AI in Fashion Size & Fit
Online fashion shopping has been increasingly attracting customers at an unprecedented rate, yet choosing the right size and fit remains a major challenge. The absence of the sensory feedback leads to uncertainties in the buying decision and the hurdle of returning items that don't fit well. This causes frustration on the customer side and a large ecological and economical footprint on the business side. Recent research work on determining the right size and fit for customers is still in its infancy and remains very challenging. In this talk, we will navigate through the complex size & fit problem space and focus on how intelligent size and fit recommendation systems and machine learning solutions leverage different data sources to address this challenging problem.
Key takeaways 1) Fashion size and fit is a complex multifaceted problem that entails items and customers challenges. 2) Tackling this problem has a huge potential on both customers' experience and the environment. 3) How to employ different data sources and machine learning solutions to provide customers with size information and advice in various forms.

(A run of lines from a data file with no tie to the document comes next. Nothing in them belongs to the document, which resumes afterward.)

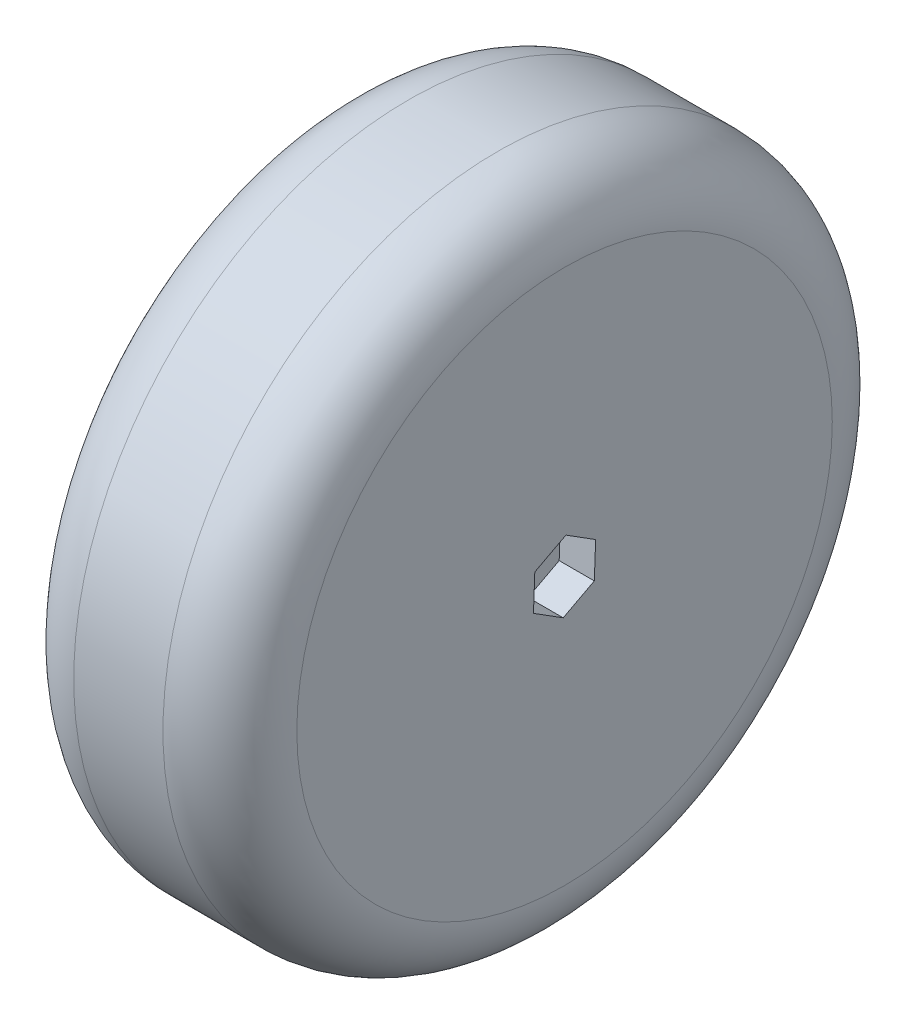
from build123d import *

# Parameters (mm, degrees)
SKETCH2_R           = 38.1
BOSS_EXTRUDE2_DEPTH = 25.4
FILLET3_R           = 7.62
FILLET5_R           = 7.62
SKETCH4_R           = 1.7
CUT_EXTRUDE1_DEPTH  = 25.4
CUT_EXTRUDE2_DEPTH  = 4


with BuildPart() as part:
    # Sketch2 → Boss-Extrude2 (new body)
    with BuildSketch(Plane(origin=(0, 0, 0), x_dir=(0, 0, -1), z_dir=(1, 0, 0))):
        Circle(SKETCH2_R)
    extrude(amount=BOSS_EXTRUDE2_DEPTH)

    # Fillet3
    fillet3_edges = [part.edges().sort_by_distance(p)[0] for p in [
        (25.4, 0, 38.1),
    ]]
    fillet(fillet3_edges, radius=FILLET3_R)

    # Fillet5
    fillet5_edges = [part.edges().sort_by_distance(p)[0] for p in [
        (0, 0, 38.1),
    ]]
    fillet(fillet5_edges, radius=FILLET5_R)

    # Sketch4 → Cut-Extrude1 (cut)
    with BuildSketch(Plane(origin=(25.4, 0, 0), x_dir=(0, 0, -1), z_dir=(1, 0, 0))):
        Circle(SKETCH4_R)
    extrude(amount=-CUT_EXTRUDE1_DEPTH, mode=Mode.SUBTRACT)

    # Sketch5 → Cut-Extrude2 (cut)
    with BuildSketch(Plane(origin=(25.4, 0, 0), x_dir=(0, 0, -1), z_dir=(1, 0, 0))):
        Polygon((-3.387274931, 2.13272866), (-3.540634665, -1.86710181), (-0.153359734, -3.99983047), (3.387274931, -2.13272866), (3.540634665, 1.86710181), (0.153359734, 3.99983047), align=None)
    extrude(amount=-CUT_EXTRUDE2_DEPTH, mode=Mode.SUBTRACT)


solid = part.part

Nour is a senior applied scientist at Zalando focused on computer vision and machine learning-driven solutions to tackle the complex challenge of delivering size and fit advice to millions of customers. In parallel, she's on the organizing committee of Zalando Data Science Community (DSC) and Zalando Women in Tech Employee Resource Group (ZWT ERG). Outside of Zalando, Nour is co-organizing Women in Computer Vision (WiCV) workshop at the CVPR conference aiming to raise the visibility of female researchers and sharing experiences between students and professionals. She completed a Master degree in Computer Science from Saarland University - Max Planck Institute for Informatics. In her free time, she enjoys walking in nature, video games, and cooking.